Output only the lines below that start at the line containing "#339=DIRECTION('',(1.,0.,0.));" and end at the line containing "#353=FACE_BOUND('',#352,.T.);", with both ends kept.
*** Opening of Material provided ***
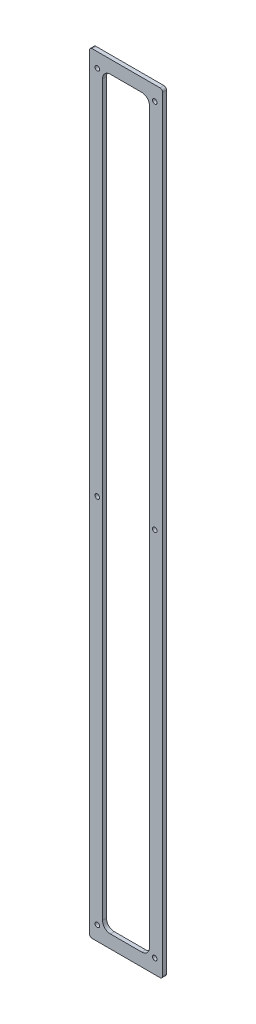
ISO-10303-21;
HEADER;
FILE_DESCRIPTION(('STEP AP214'),'2;1');
FILE_NAME('part.step','',(''),(''),'','','');
FILE_SCHEMA(('AUTOMOTIVE_DESIGN { 1 0 10303 214 1 1 1 1 }'));
ENDSEC;
DATA;
#1=APPLICATION_CONTEXT('core data for automotive mechanical design processes');
#2=APPLICATION_PROTOCOL_DEFINITION('international standard','automotive_design',2000,#1);
#3=PRODUCT_CONTEXT('',#1,'mechanical');
#4=PRODUCT('Part','Part','',(#3));
#5=PRODUCT_RELATED_PRODUCT_CATEGORY('part','',(#4));
#6=PRODUCT_DEFINITION_FORMATION('','',#4);
#7=PRODUCT_DEFINITION_CONTEXT('part definition',#1,'design');
#8=PRODUCT_DEFINITION('design','',#6,#7);
#9=PRODUCT_DEFINITION_SHAPE('','',#8);
#10=(LENGTH_UNIT() NAMED_UNIT(*) SI_UNIT(.MILLI.,.METRE.));
#11=(NAMED_UNIT(*) PLANE_ANGLE_UNIT() SI_UNIT($,.RADIAN.));
#12=(NAMED_UNIT(*) SI_UNIT($,.STERADIAN.) SOLID_ANGLE_UNIT());
#13=UNCERTAINTY_MEASURE_WITH_UNIT(LENGTH_MEASURE(1.E-05),#10,'distance_accuracy_value','');
#14=(GEOMETRIC_REPRESENTATION_CONTEXT(3) GLOBAL_UNCERTAINTY_ASSIGNED_CONTEXT((#13)) GLOBAL_UNIT_ASSIGNED_CONTEXT((#10,
#11,#12)) REPRESENTATION_CONTEXT('',''));
#15=CARTESIAN_POINT('',(0.,0.,0.));
#16=DIRECTION('',(0.,0.,1.));
#17=DIRECTION('',(1.,0.,0.));
#18=AXIS2_PLACEMENT_3D('',#15,#16,#17);
#19=CARTESIAN_POINT('',(-44.4440386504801,468.376,4.7752));
#20=DIRECTION('',(1.,0.,0.));
#21=DIRECTION('',(0.,1.,0.));
#22=AXIS2_PLACEMENT_3D('',#19,#20,#21);
#23=PLANE('',#22);
#24=DIRECTION('',(0.,-1.,0.));
#25=VECTOR('',#24,1.);
#26=CARTESIAN_POINT('',(-44.4440386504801,468.376,0.));
#27=LINE('',#26,#25);
#28=CARTESIAN_POINT('',(-44.4440386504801,465.201,0.));
#29=VERTEX_POINT('',#28);
#30=CARTESIAN_POINT('',(-44.4440386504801,-465.201,0.));
#31=VERTEX_POINT('',#30);
#32=EDGE_CURVE('E179',#29,#31,#27,.T.);
#33=ORIENTED_EDGE('',*,*,#32,.T.);
#34=DIRECTION('',(0.,0.,-1.));
#35=VECTOR('',#34,1.);
#36=CARTESIAN_POINT('',(-44.4440386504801,-465.201,4.7752));
#37=LINE('',#36,#35);
#38=CARTESIAN_POINT('',(-44.4440386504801,-465.201,4.7752));
#39=VERTEX_POINT('',#38);
#40=EDGE_CURVE('E203',#31,#39,#37,.F.);
#41=ORIENTED_EDGE('',*,*,#40,.T.);
#42=DIRECTION('',(0.,-1.,0.));
#43=VECTOR('',#42,1.);
#44=CARTESIAN_POINT('',(-44.4440386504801,468.376,4.7752));
#45=LINE('',#44,#43);
#46=CARTESIAN_POINT('',(-44.4440386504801,465.201,4.7752));
#47=VERTEX_POINT('',#46);
#48=EDGE_CURVE('E177',#47,#39,#45,.T.);
#49=ORIENTED_EDGE('',*,*,#48,.F.);
#50=DIRECTION('',(0.,0.,-1.));
#51=VECTOR('',#50,1.);
#52=CARTESIAN_POINT('',(-44.4440386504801,465.201,4.7752));
#53=LINE('',#52,#51);
#54=EDGE_CURVE('E200',#47,#29,#53,.T.);
#55=ORIENTED_EDGE('',*,*,#54,.T.);
#56=EDGE_LOOP('',(#33,#41,#49,#55));
#57=FACE_BOUND('',#56,.T.);
#58=ADVANCED_FACE('F33',(#57),#23,.F.);
#59=CARTESIAN_POINT('',(-44.4440386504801,-468.376,4.7752));
#60=DIRECTION('',(0.,1.,0.));
#61=DIRECTION('',(0.,0.,1.));
#62=AXIS2_PLACEMENT_3D('',#59,#60,#61);
#63=PLANE('',#62);
#64=DIRECTION('',(1.,0.,0.));
#65=VECTOR('',#64,1.);
#66=CARTESIAN_POINT('',(-44.4440386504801,-468.376,0.));
#67=LINE('',#66,#65);
#68=CARTESIAN_POINT('',(-41.2690386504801,-468.376,0.));
#69=VERTEX_POINT('',#68);
#70=CARTESIAN_POINT('',(41.2809613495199,-468.376,0.));
#71=VERTEX_POINT('',#70);
#72=EDGE_CURVE('E174',#69,#71,#67,.T.);
#73=ORIENTED_EDGE('',*,*,#72,.T.);
#74=DIRECTION('',(0.,0.,-1.));
#75=VECTOR('',#74,1.);
#76=CARTESIAN_POINT('',(41.2809613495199,-468.376,4.7752));
#77=LINE('',#76,#75);
#78=CARTESIAN_POINT('',(41.2809613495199,-468.376,4.7752));
#79=VERTEX_POINT('',#78);
#80=EDGE_CURVE('E152',#71,#79,#77,.F.);
#81=ORIENTED_EDGE('',*,*,#80,.T.);
#82=DIRECTION('',(1.,0.,0.));
#83=VECTOR('',#82,1.);
#84=CARTESIAN_POINT('',(-44.4440386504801,-468.376,4.7752));
#85=LINE('',#84,#83);
#86=CARTESIAN_POINT('',(-41.2690386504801,-468.376,4.7752));
#87=VERTEX_POINT('',#86);
#88=EDGE_CURVE('E281',#87,#79,#85,.T.);
#89=ORIENTED_EDGE('',*,*,#88,.F.);
#90=DIRECTION('',(0.,0.,-1.));
#91=VECTOR('',#90,1.);
#92=CARTESIAN_POINT('',(-41.2690386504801,-468.376,4.7752));
#93=LINE('',#92,#91);
#94=EDGE_CURVE('E157',#87,#69,#93,.T.);
#95=ORIENTED_EDGE('',*,*,#94,.T.);
#96=EDGE_LOOP('',(#73,#81,#89,#95));
#97=FACE_BOUND('',#96,.T.);
#98=ADVANCED_FACE('F298',(#97),#63,.F.);
#99=CARTESIAN_POINT('',(44.4559613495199,468.376,4.7752));
#100=DIRECTION('',(-1.,0.,0.));
#101=DIRECTION('',(0.,0.,1.));
#102=AXIS2_PLACEMENT_3D('',#99,#100,#101);
#103=PLANE('',#102);
#104=DIRECTION('',(0.,1.,0.));
#105=VECTOR('',#104,1.);
#106=CARTESIAN_POINT('',(44.4559613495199,468.376,4.7752));
#107=LINE('',#106,#105);
#108=CARTESIAN_POINT('',(44.4559613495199,-465.201,4.7752));
#109=VERTEX_POINT('',#108);
#110=CARTESIAN_POINT('',(44.4559613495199,465.201,4.7752));
#111=VERTEX_POINT('',#110);
#112=EDGE_CURVE('E167',#109,#111,#107,.T.);
#113=ORIENTED_EDGE('',*,*,#112,.F.);
#114=DIRECTION('',(0.,0.,-1.));
#115=VECTOR('',#114,1.);
#116=CARTESIAN_POINT('',(44.4559613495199,-465.201,4.7752));
#117=LINE('',#116,#115);
#118=CARTESIAN_POINT('',(44.4559613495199,-465.201,0.));
#119=VERTEX_POINT('',#118);
#120=EDGE_CURVE('E151',#109,#119,#117,.T.);
#121=ORIENTED_EDGE('',*,*,#120,.T.);
#122=DIRECTION('',(0.,1.,0.));
#123=VECTOR('',#122,1.);
#124=CARTESIAN_POINT('',(44.4559613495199,468.376,0.));
#125=LINE('',#124,#123);
#126=CARTESIAN_POINT('',(44.4559613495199,465.201,0.));
#127=VERTEX_POINT('',#126);
#128=EDGE_CURVE('E164',#119,#127,#125,.T.);
#129=ORIENTED_EDGE('',*,*,#128,.T.);
#130=DIRECTION('',(0.,0.,-1.));
#131=VECTOR('',#130,1.);
#132=CARTESIAN_POINT('',(44.4559613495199,465.201,4.7752));
#133=LINE('',#132,#131);
#134=EDGE_CURVE('E169',#127,#111,#133,.F.);
#135=ORIENTED_EDGE('',*,*,#134,.T.);
#136=EDGE_LOOP('',(#113,#121,#129,#135));
#137=FACE_BOUND('',#136,.T.);
#138=ADVANCED_FACE('F163',(#137),#103,.F.);
#139=CARTESIAN_POINT('',(-44.4440386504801,468.376,4.7752));
#140=DIRECTION('',(0.,-1.,0.));
#141=DIRECTION('',(0.,0.,-1.));
#142=AXIS2_PLACEMENT_3D('',#139,#140,#141);
#143=PLANE('',#142);
#144=DIRECTION('',(-1.,0.,0.));
#145=VECTOR('',#144,1.);
#146=CARTESIAN_POINT('',(-44.4440386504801,468.376,0.));
#147=LINE('',#146,#145);
#148=CARTESIAN_POINT('',(41.2809613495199,468.376,0.));
#149=VERTEX_POINT('',#148);
#150=CARTESIAN_POINT('',(-41.2690386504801,468.376,0.));
#151=VERTEX_POINT('',#150);
#152=EDGE_CURVE('E173',#149,#151,#147,.T.);
#153=ORIENTED_EDGE('',*,*,#152,.T.);
#154=DIRECTION('',(0.,0.,-1.));
#155=VECTOR('',#154,1.);
#156=CARTESIAN_POINT('',(-41.2690386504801,468.376,4.7752));
#157=LINE('',#156,#155);
#158=CARTESIAN_POINT('',(-41.2690386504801,468.376,4.7752));
#159=VERTEX_POINT('',#158);
#160=EDGE_CURVE('E208',#151,#159,#157,.F.);
#161=ORIENTED_EDGE('',*,*,#160,.T.);
#162=DIRECTION('',(-1.,0.,0.));
#163=VECTOR('',#162,1.);
#164=CARTESIAN_POINT('',(-44.4440386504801,468.376,4.7752));
#165=LINE('',#164,#163);
#166=CARTESIAN_POINT('',(41.2809613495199,468.376,4.7752));
#167=VERTEX_POINT('',#166);
#168=EDGE_CURVE('E183',#167,#159,#165,.T.);
#169=ORIENTED_EDGE('',*,*,#168,.F.);
#170=DIRECTION('',(0.,0.,-1.));
#171=VECTOR('',#170,1.);
#172=CARTESIAN_POINT('',(41.2809613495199,468.376,4.7752));
#173=LINE('',#172,#171);
#174=EDGE_CURVE('E205',#167,#149,#173,.T.);
#175=ORIENTED_EDGE('',*,*,#174,.T.);
#176=EDGE_LOOP('',(#153,#161,#169,#175));
#177=FACE_BOUND('',#176,.T.);
#178=ADVANCED_FACE('F305',(#177),#143,.F.);
#179=CARTESIAN_POINT('',(0.,0.,4.7752));
#180=DIRECTION('',(0.,0.,1.));
#181=DIRECTION('',(1.,0.,0.));
#182=AXIS2_PLACEMENT_3D('',#179,#180,#181);
#183=PLANE('',#182);
#184=CARTESIAN_POINT('',(34.9309613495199,-450.85,4.7752));
#185=DIRECTION('',(0.,0.,1.));
#186=DIRECTION('',(1.,0.,0.));
#187=AXIS2_PLACEMENT_3D('',#184,#185,#186);
#188=CIRCLE('',#187,2.778125);
#189=CARTESIAN_POINT('',(37.7090863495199,-450.85,4.7752));
#190=VERTEX_POINT('',#189);
#191=EDGE_CURVE('E550',#190,#190,#188,.T.);
#192=ORIENTED_EDGE('',*,*,#191,.F.);
#193=EDGE_LOOP('',(#192));
#194=FACE_BOUND('',#193,.T.);
#195=CARTESIAN_POINT('',(-34.9309613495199,-450.85,4.7752));
#196=DIRECTION('',(0.,0.,1.));
#197=DIRECTION('',(1.,0.,0.));
#198=AXIS2_PLACEMENT_3D('',#195,#196,#197);
#199=CIRCLE('',#198,2.778125);
#200=CARTESIAN_POINT('',(-32.1528363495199,-450.85,4.7752));
#201=VERTEX_POINT('',#200);
#202=EDGE_CURVE('E544',#201,#201,#199,.T.);
#203=ORIENTED_EDGE('',*,*,#202,.F.);
#204=EDGE_LOOP('',(#203));
#205=FACE_BOUND('',#204,.T.);
#206=CARTESIAN_POINT('',(34.9309613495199,0.,4.7752));
#207=DIRECTION('',(0.,0.,1.));
#208=DIRECTION('',(1.,0.,0.));
#209=AXIS2_PLACEMENT_3D('',#206,#207,#208);
#210=CIRCLE('',#209,2.778125);
#211=CARTESIAN_POINT('',(37.7090863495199,0.,4.7752));
#212=VERTEX_POINT('',#211);
#213=EDGE_CURVE('E538',#212,#212,#210,.T.);
#214=ORIENTED_EDGE('',*,*,#213,.F.);
#215=EDGE_LOOP('',(#214));
#216=FACE_BOUND('',#215,.T.);
#217=CARTESIAN_POINT('',(-34.9309613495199,0.,4.7752));
#218=DIRECTION('',(0.,0.,1.));
#219=DIRECTION('',(1.,0.,0.));
#220=AXIS2_PLACEMENT_3D('',#217,#218,#219);
#221=CIRCLE('',#220,2.778125);
#222=CARTESIAN_POINT('',(-32.1528363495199,0.,4.7752));
#223=VERTEX_POINT('',#222);
#224=EDGE_CURVE('E523',#223,#223,#221,.T.);
#225=ORIENTED_EDGE('',*,*,#224,.F.);
#226=EDGE_LOOP('',(#225));
#227=FACE_BOUND('',#226,.T.);
#228=CARTESIAN_POINT('',(34.9309613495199,450.85,4.7752));
#229=DIRECTION('',(0.,0.,1.));
#230=DIRECTION('',(1.,0.,0.));
#231=AXIS2_PLACEMENT_3D('',#228,#229,#230);
#232=CIRCLE('',#231,2.778125);
#233=CARTESIAN_POINT('',(37.7090863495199,450.85,4.7752));
#234=VERTEX_POINT('',#233);
#235=EDGE_CURVE('E516',#234,#234,#232,.T.);
#236=ORIENTED_EDGE('',*,*,#235,.F.);
#237=EDGE_LOOP('',(#236));
#238=FACE_BOUND('',#237,.T.);
#239=CARTESIAN_POINT('',(-34.9309613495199,450.85,4.7752));
#240=DIRECTION('',(0.,0.,1.));
#241=DIRECTION('',(1.,0.,0.));
#242=AXIS2_PLACEMENT_3D('',#239,#240,#241);
#243=CIRCLE('',#242,2.778125);
#244=CARTESIAN_POINT('',(-32.1528363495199,450.85,4.7752));
#245=VERTEX_POINT('',#244);
#246=EDGE_CURVE('E520',#245,#245,#243,.T.);
#247=ORIENTED_EDGE('',*,*,#246,.F.);
#248=EDGE_LOOP('',(#247));
#249=FACE_BOUND('',#248,.T.);
#250=DIRECTION('',(0.,-1.,0.));
#251=VECTOR('',#250,1.);
#252=CARTESIAN_POINT('',(-28.575,452.501,4.7752));
#253=LINE('',#252,#251);
#254=CARTESIAN_POINT('',(-28.575,442.976,4.7752));
#255=VERTEX_POINT('',#254);
#256=CARTESIAN_POINT('',(-28.5749999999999,-442.976,4.7752));
#257=VERTEX_POINT('',#256);
#258=EDGE_CURVE('E246',#255,#257,#253,.T.);
#259=ORIENTED_EDGE('',*,*,#258,.F.);
#260=CARTESIAN_POINT('',(-19.05,442.976,4.7752));
#261=DIRECTION('',(0.,0.,1.));
#262=DIRECTION('',(1.,0.,0.));
#263=AXIS2_PLACEMENT_3D('',#260,#261,#262);
#264=CIRCLE('',#263,9.525);
#265=CARTESIAN_POINT('',(-19.05,452.501,4.7752));
#266=VERTEX_POINT('',#265);
#267=EDGE_CURVE('E41',#255,#266,#264,.F.);
#268=ORIENTED_EDGE('',*,*,#267,.T.);
#269=DIRECTION('',(-1.,0.,0.));
#270=VECTOR('',#269,1.);
#271=CARTESIAN_POINT('',(-28.575,452.501,4.7752));
#272=LINE('',#271,#270);
#273=CARTESIAN_POINT('',(19.05,452.501,4.7752));
#274=VERTEX_POINT('',#273);
#275=EDGE_CURVE('E244',#274,#266,#272,.T.);
#276=ORIENTED_EDGE('',*,*,#275,.F.);
#277=CARTESIAN_POINT('',(19.05,442.976,4.7752));
#278=DIRECTION('',(0.,0.,1.));
#279=DIRECTION('',(1.,0.,0.));
#280=AXIS2_PLACEMENT_3D('',#277,#278,#279);
#281=CIRCLE('',#280,9.525);
#282=CARTESIAN_POINT('',(28.575,442.976,4.7752));
#283=VERTEX_POINT('',#282);
#284=EDGE_CURVE('E237',#274,#283,#281,.F.);
#285=ORIENTED_EDGE('',*,*,#284,.T.);
#286=DIRECTION('',(0.,1.,0.));
#287=VECTOR('',#286,1.);
#288=CARTESIAN_POINT('',(28.575,452.501,4.7752));
#289=LINE('',#288,#287);
#290=CARTESIAN_POINT('',(28.575,-442.976,4.7752));
#291=VERTEX_POINT('',#290);
#292=EDGE_CURVE('E252',#291,#283,#289,.T.);
#293=ORIENTED_EDGE('',*,*,#292,.F.);
#294=CARTESIAN_POINT('',(19.05,-442.976,4.7752));
#295=DIRECTION('',(0.,0.,1.));
#296=DIRECTION('',(1.,0.,0.));
#297=AXIS2_PLACEMENT_3D('',#294,#295,#296);
#298=CIRCLE('',#297,9.525);
#299=CARTESIAN_POINT('',(19.05,-452.501,4.7752));
#300=VERTEX_POINT('',#299);
#301=EDGE_CURVE('E229',#291,#300,#298,.F.);
#302=ORIENTED_EDGE('',*,*,#301,.T.);
#303=DIRECTION('',(1.,0.,0.));
#304=VECTOR('',#303,1.);
#305=CARTESIAN_POINT('',(-28.5749999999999,-452.501,4.7752));
#306=LINE('',#305,#304);
#307=CARTESIAN_POINT('',(-19.0499999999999,-452.501,4.7752));
#308=VERTEX_POINT('',#307);
#309=EDGE_CURVE('E274',#308,#300,#306,.T.);
#310=ORIENTED_EDGE('',*,*,#309,.F.);
#311=CARTESIAN_POINT('',(-19.0499999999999,-442.976,4.7752));
#312=DIRECTION('',(0.,0.,1.));
#313=DIRECTION('',(1.,0.,0.));
#314=AXIS2_PLACEMENT_3D('',#311,#312,#313);
#315=CIRCLE('',#314,9.525);
#316=EDGE_CURVE('E233',#308,#257,#315,.F.);
#317=ORIENTED_EDGE('',*,*,#316,.T.);
#318=EDGE_LOOP('',(#259,#268,#276,#285,#293,#302,#310,#317));
#319=FACE_BOUND('',#318,.T.);
#320=ORIENTED_EDGE('',*,*,#88,.T.);
#321=CARTESIAN_POINT('',(41.2809613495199,-465.201,4.7752));
#322=DIRECTION('',(0.,0.,1.));
#323=DIRECTION('',(1.,0.,0.));
#324=AXIS2_PLACEMENT_3D('',#321,#322,#323);
#325=CIRCLE('',#324,3.175);
#326=EDGE_CURVE('E198',#79,#109,#325,.T.);
#327=ORIENTED_EDGE('',*,*,#326,.T.);
#328=ORIENTED_EDGE('',*,*,#112,.T.);
#329=CARTESIAN_POINT('',(41.2809613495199,465.201,4.7752));
#330=DIRECTION('',(0.,0.,1.));
#331=DIRECTION('',(1.,0.,0.));
#332=AXIS2_PLACEMENT_3D('',#329,#330,#331);
#333=CIRCLE('',#332,3.175);
#334=EDGE_CURVE('E192',#111,#167,#333,.T.);
#335=ORIENTED_EDGE('',*,*,#334,.T.);
#336=ORIENTED_EDGE('',*,*,#168,.T.);
#337=CARTESIAN_POINT('',(-41.2690386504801,465.201,4.7752));
#338=DIRECTION('',(0.,0.,1.));
#339=DIRECTION('',(1.,0.,0.));
#340=AXIS2_PLACEMENT_3D('',#337,#338,#339);
#341=CIRCLE('',#340,3.175);
#342=EDGE_CURVE('E194',#159,#47,#341,.T.);
#343=ORIENTED_EDGE('',*,*,#342,.T.);
#344=ORIENTED_EDGE('',*,*,#48,.T.);
#345=CARTESIAN_POINT('',(-41.2690386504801,-465.201,4.7752));
#346=DIRECTION('',(0.,0.,1.));
#347=DIRECTION('',(1.,0.,0.));
#348=AXIS2_PLACEMENT_3D('',#345,#346,#347);
#349=CIRCLE('',#348,3.175);
#350=EDGE_CURVE('E196',#39,#87,#349,.T.);
#351=ORIENTED_EDGE('',*,*,#350,.T.);
#352=EDGE_LOOP('',(#320,#327,#328,#335,#336,#343,#344,#351));
#353=FACE_BOUND('',#352,.T.);
#354=ADVANCED_FACE('F242',(#194,#205,#216,#227,#238,#249,#319,#353),#183,.T.);
#355=CARTESIAN_POINT('',(0.,0.,0.));
#356=DIRECTION('',(0.,0.,1.));
#357=DIRECTION('',(1.,0.,0.));
#358=AXIS2_PLACEMENT_3D('',#355,#356,#357);
#359=PLANE('',#358);
#360=CARTESIAN_POINT('',(34.9309613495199,-450.85,0.));
#361=DIRECTION('',(0.,0.,1.));
#362=DIRECTION('',(1.,0.,0.));
#363=AXIS2_PLACEMENT_3D('',#360,#361,#362);
#364=CIRCLE('',#363,2.778125);
#365=CARTESIAN_POINT('',(37.7090863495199,-450.85,0.));
#366=VERTEX_POINT('',#365);
#367=EDGE_CURVE('E547',#366,#366,#364,.T.);
#368=ORIENTED_EDGE('',*,*,#367,.T.);
#369=EDGE_LOOP('',(#368));
#370=FACE_BOUND('',#369,.T.);
#371=CARTESIAN_POINT('',(-34.9309613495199,-450.85,0.));
#372=DIRECTION('',(0.,0.,1.));
#373=DIRECTION('',(1.,0.,0.));
#374=AXIS2_PLACEMENT_3D('',#371,#372,#373);
#375=CIRCLE('',#374,2.778125);
#376=CARTESIAN_POINT('',(-32.1528363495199,-450.85,0.));
#377=VERTEX_POINT('',#376);
#378=EDGE_CURVE('E541',#377,#377,#375,.T.);
#379=ORIENTED_EDGE('',*,*,#378,.T.);
#380=EDGE_LOOP('',(#379));
#381=FACE_BOUND('',#380,.T.);
#382=CARTESIAN_POINT('',(34.9309613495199,0.,0.));
#383=DIRECTION('',(0.,0.,1.));
#384=DIRECTION('',(1.,0.,0.));
#385=AXIS2_PLACEMENT_3D('',#382,#383,#384);
#386=CIRCLE('',#385,2.778125);
#387=CARTESIAN_POINT('',(37.7090863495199,0.,0.));
#388=VERTEX_POINT('',#387);
#389=EDGE_CURVE('E535',#388,#388,#386,.T.);
#390=ORIENTED_EDGE('',*,*,#389,.T.);
#391=EDGE_LOOP('',(#390));
#392=FACE_BOUND('',#391,.T.);
#393=CARTESIAN_POINT('',(-34.9309613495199,0.,0.));
#394=DIRECTION('',(0.,0.,1.));
#395=DIRECTION('',(1.,0.,0.));
#396=AXIS2_PLACEMENT_3D('',#393,#394,#395);
#397=CIRCLE('',#396,2.778125);
#398=CARTESIAN_POINT('',(-32.1528363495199,0.,0.));
#399=VERTEX_POINT('',#398);
#400=EDGE_CURVE('E518',#399,#399,#397,.T.);
#401=ORIENTED_EDGE('',*,*,#400,.T.);
#402=EDGE_LOOP('',(#401));
#403=FACE_BOUND('',#402,.T.);
#404=CARTESIAN_POINT('',(34.9309613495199,450.85,0.));
#405=DIRECTION('',(0.,0.,1.));
#406=DIRECTION('',(1.,0.,0.));
#407=AXIS2_PLACEMENT_3D('',#404,#405,#406);
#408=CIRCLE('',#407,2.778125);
*** Close of Material provided ***
> Answer box
#339=DIRECTION('',(1.,0.,0.));
#340=AXIS2_PLACEMENT_3D('',#337,#338,#339);
#341=CIRCLE('',#340,3.175);
#342=EDGE_CURVE('E194',#159,#47,#341,.T.);
#343=ORIENTED_EDGE('',*,*,#342,.T.);
#344=ORIENTED_EDGE('',*,*,#48,.T.);
#345=CARTESIAN_POINT('',(-41.2690386504801,-465.201,4.7752));
#346=DIRECTION('',(0.,0.,1.));
#347=DIRECTION('',(1.,0.,0.));
#348=AXIS2_PLACEMENT_3D('',#345,#346,#347);
#349=CIRCLE('',#348,3.175);
#350=EDGE_CURVE('E196',#39,#87,#349,.T.);
#351=ORIENTED_EDGE('',*,*,#350,.T.);
#352=EDGE_LOOP('',(#320,#327,#328,#335,#336,#343,#344,#351));
#353=FACE_BOUND('',#352,.T.);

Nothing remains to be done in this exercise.